___ Dataset entries ___

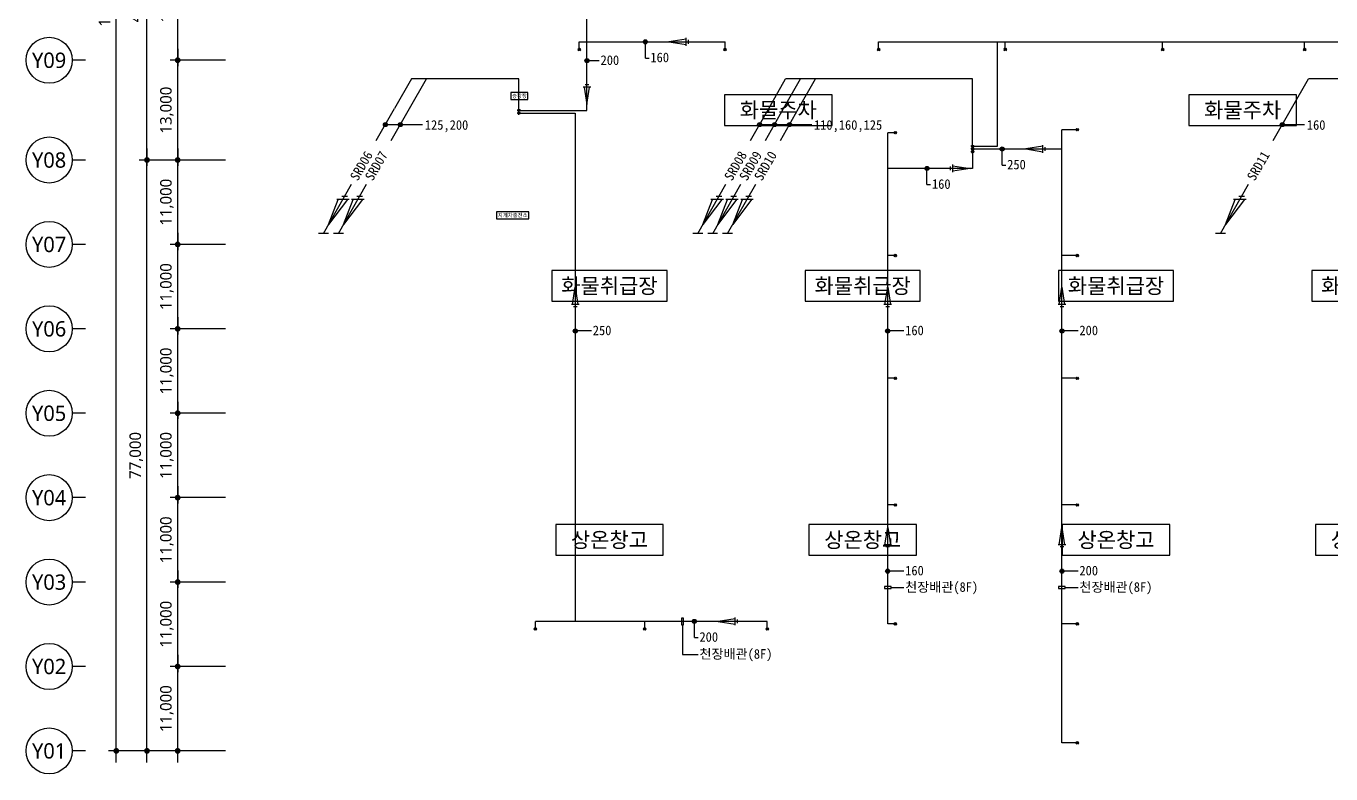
# Model space of a CAD drawing. Header units: millimetres. Extents: x 5104319 to 7084979, y 3076390 to 3633130.
# Drawn here: x 5997062 to 6167058, y 3392701 to 3490152 of the extents above; entities that cross this region are included whole.
import ezdxf
from ezdxf.enums import TextEntityAlignment as Align

# ---------------------------------------------------------------- set-up
doc = ezdxf.new("R2010")
doc.units = ezdxf.units.MM
doc.header["$PDMODE"] = 1
doc.layers.get('Defpoints').update_dxf_attribs({"color": 140})
for name, color, linetype, lineweight in [('A-AXIS-BUBL', 7, 'Continuous', 25), ('A-DIMS', 7, 'Continuous', 25), ('A-XXXX-TXT2', 3, 'Continuous', 25)]:
    doc.layers.add(name, color=color, linetype=linetype, lineweight=lineweight)
for name, color, linetype in [('ARCH', 8, 'Continuous'), ('사이포닉0', 3, 'Continuous'), ('사이포닉1', 3, 'Continuous')]:
    doc.layers.add(name, color=color, linetype=linetype)
doc.styles.add('HY울릉도L', font='')
doc.styles.add('XR-평면도$0$맑은 고딕', font='malgun.ttf')
doc.styles.add('맑은고딕', font='malgun.ttf')
doc.styles.add('사이포닉', font='')
doc.styles.get('HY울릉도L').set_extended_font_data('Dotum')
doc.styles.get('사이포닉').set_extended_font_data('GulimChe')
doc.dimstyles.new('CDIM', dxfattribs={"dimtxt": 3, "dimasz": 1.5, "dimexe": 2, "dimexo": 1, "dimgap": 1, "dimtad": 1, "dimdec": 0, "dimrnd": 0.5, "dimzin": 0, "dimdsep": 32, "dimlunit": 6, "dimtxsty": 'HY울릉도L', "dimblk1": '_CIDOT', "dimblk2": '_CIDOT', "dimsah": 1, "dimcen": 5.5, "dimclrd": 2, "dimclre": 2, "dimclrt": 7, "dimadec": 0, "dimazin": 0, "dimtfac": 1, "dimtdec": 0, "dimtix": 1, "dimtmove": 2, "dimatfit": 1, "dimldrblk": '_CIDOT', "dimfxl": 1, "dimtolj": 1, "dimtzin": 0, "dimlwd": -1, "dimarcsym": 0})

# ---------------------------------------------------------------- blocks, each defined once
blk = doc.blocks.new('_CIDOT')
at = {"color": 0, "linetype": 'ByBlock'}
blk.add_line((2, 0), (-1, 0), dxfattribs=at)
at = {"color": 0, "linetype": 'ByBlock', "const_width": 0.5}
blk.add_lwpolyline([(-0.25, 0, 1), (0.25, 0, 1)], format="xyb", close=True, dxfattribs=at)
blk = doc.blocks.new('*D8')
at = {"layer": 'A-DIMS', "lineweight": -2, "transparency": 16777216}
for p, q in [((93193, 67121), (85943, 67121)), ((93193, 56121), (85943, 56121))]:
    blk.add_line(p, q, dxfattribs=at)
at = {"layer": 'A-DIMS', "transparency": 16777216}
blk.add_line((86943, 56871), (86943, 66371), dxfattribs=at)
at = {"layer": 'Defpoints', "color": 0, "transparency": 16777216}
for p in [(86943, 67121), (93693, 67121), (93693, 56121)]:
    blk.add_point(p, dxfattribs=at)
at = {"layer": 'A-DIMS', "transparency": 16777216, "xscale": 750, "yscale": 750, "zscale": 750}
for p, rotation in [((86943, 67121), 90), ((86943, 56121), 270)]:
    blk.add_blockref('_CIDOT', p, dxfattribs=dict(at, rotation=rotation))
at = {"layer": 'A-DIMS', "color": 3, "transparency": 16777216, "insert": (85538, 61621), "char_height": 1500, "attachment_point": 5, "rotation": 90, "style": '맑은고딕'}
blk.add_mtext('\\A1;11,000', dxfattribs=at)
blk = doc.blocks.new('*D9')
at = {"layer": 'A-DIMS', "lineweight": -2, "transparency": 16777216}
for p, q in [((93193, 78121), (85943, 78121)), ((93193, 67121), (85943, 67121))]:
    blk.add_line(p, q, dxfattribs=at)
at = {"layer": 'A-DIMS', "transparency": 16777216}
blk.add_line((86943, 67871), (86943, 77371), dxfattribs=at)
at = {"layer": 'Defpoints', "color": 0, "transparency": 16777216}
for p in [(86943, 78121), (93693, 78121), (93693, 67121)]:
    blk.add_point(p, dxfattribs=at)
at = {"layer": 'A-DIMS', "transparency": 16777216, "xscale": 750, "yscale": 750, "zscale": 750}
for p, rotation in [((86943, 78121), 90), ((86943, 67121), 270)]:
    blk.add_blockref('_CIDOT', p, dxfattribs=dict(at, rotation=rotation))
at = {"layer": 'A-DIMS', "color": 3, "transparency": 16777216, "insert": (85538, 72621), "char_height": 1500, "attachment_point": 5, "rotation": 90, "style": '맑은고딕'}
blk.add_mtext('\\A1;11,000', dxfattribs=at)
blk = doc.blocks.new('*D10')
at = {"layer": 'A-DIMS', "lineweight": -2, "transparency": 16777216}
for p, q in [((93193, 89121), (85943, 89121)), ((93193, 78121), (85943, 78121))]:
    blk.add_line(p, q, dxfattribs=at)
at = {"layer": 'A-DIMS', "transparency": 16777216}
blk.add_line((86943, 78871), (86943, 88371), dxfattribs=at)
at = {"layer": 'Defpoints', "color": 0, "transparency": 16777216}
for p in [(86943, 89121), (93693, 89121), (93693, 78121)]:
    blk.add_point(p, dxfattribs=at)
at = {"layer": 'A-DIMS', "transparency": 16777216, "xscale": 750, "yscale": 750, "zscale": 750}
for p, rotation in [((86943, 89121), 90), ((86943, 78121), 270)]:
    blk.add_blockref('_CIDOT', p, dxfattribs=dict(at, rotation=rotation))
at = {"layer": 'A-DIMS', "color": 3, "transparency": 16777216, "insert": (85538, 83621), "char_height": 1500, "attachment_point": 5, "rotation": 90, "style": '맑은고딕'}
blk.add_mtext('\\A1;11,000', dxfattribs=at)
blk = doc.blocks.new('*D11')
at = {"layer": 'A-DIMS', "lineweight": -2, "transparency": 16777216}
for p, q in [((93193, 100121), (85943, 100121)), ((93193, 89121), (85943, 89121))]:
    blk.add_line(p, q, dxfattribs=at)
at = {"layer": 'A-DIMS', "transparency": 16777216}
blk.add_line((86943, 89871), (86943, 99371), dxfattribs=at)
at = {"layer": 'Defpoints', "color": 0, "transparency": 16777216}
for p in [(86943, 100121), (93693, 100121), (93693, 89121)]:
    blk.add_point(p, dxfattribs=at)
at = {"layer": 'A-DIMS', "transparency": 16777216, "xscale": 750, "yscale": 750, "zscale": 750}
for p, rotation in [((86943, 100121), 90), ((86943, 89121), 270)]:
    blk.add_blockref('_CIDOT', p, dxfattribs=dict(at, rotation=rotation))
at = {"layer": 'A-DIMS', "color": 3, "transparency": 16777216, "insert": (85538, 94621), "char_height": 1500, "attachment_point": 5, "rotation": 90, "style": '맑은고딕'}
blk.add_mtext('\\A1;11,000', dxfattribs=at)
blk = doc.blocks.new('*D12')
at = {"layer": 'A-DIMS', "lineweight": -2, "transparency": 16777216}
for p, q in [((93193, 111121), (85943, 111121)), ((93193, 100121), (85943, 100121))]:
    blk.add_line(p, q, dxfattribs=at)
at = {"layer": 'A-DIMS', "transparency": 16777216}
blk.add_line((86943, 100871), (86943, 110371), dxfattribs=at)
at = {"layer": 'Defpoints', "color": 0, "transparency": 16777216}
for p in [(86943, 111121), (93693, 111121), (93693, 100121)]:
    blk.add_point(p, dxfattribs=at)
at = {"layer": 'A-DIMS', "transparency": 16777216, "xscale": 750, "yscale": 750, "zscale": 750}
for p, rotation in [((86943, 111121), 90), ((86943, 100121), 270)]:
    blk.add_blockref('_CIDOT', p, dxfattribs=dict(at, rotation=rotation))
at = {"layer": 'A-DIMS', "color": 3, "transparency": 16777216, "insert": (85538, 105621), "char_height": 1500, "attachment_point": 5, "rotation": 90, "style": '맑은고딕'}
blk.add_mtext('\\A1;11,000', dxfattribs=at)
blk = doc.blocks.new('*D13')
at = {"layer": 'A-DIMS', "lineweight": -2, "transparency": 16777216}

___

-- Directions for this task --
Reproduce exactly the entries above, limited to the lines from the one with "from ezdxf.enums import" through the one with "doc.styles.get('사이포닉", both included.

-- Task solution --
from ezdxf.enums import TextEntityAlignment as Align

# ---------------------------------------------------------------- set-up
doc = ezdxf.new("R2010")
doc.units = ezdxf.units.MM
doc.header["$PDMODE"] = 1
doc.layers.get('Defpoints').update_dxf_attribs({"color": 140})
for name, color, linetype, lineweight in [('A-AXIS-BUBL', 7, 'Continuous', 25), ('A-DIMS', 7, 'Continuous', 25), ('A-XXXX-TXT2', 3, 'Continuous', 25)]:
    doc.layers.add(name, color=color, linetype=linetype, lineweight=lineweight)
for name, color, linetype in [('ARCH', 8, 'Continuous'), ('사이포닉0', 3, 'Continuous'), ('사이포닉1', 3, 'Continuous')]:
    doc.layers.add(name, color=color, linetype=linetype)
doc.styles.add('HY울릉도L', font='')
doc.styles.add('XR-평면도$0$맑은 고딕', font='malgun.ttf')
doc.styles.add('맑은고딕', font='malgun.ttf')
doc.styles.add('사이포닉', font='')
doc.styles.get('HY울릉도L').set_extended_font_data('Dotum')
doc.styles.get('사이포닉').set_extended_font_data('GulimChe')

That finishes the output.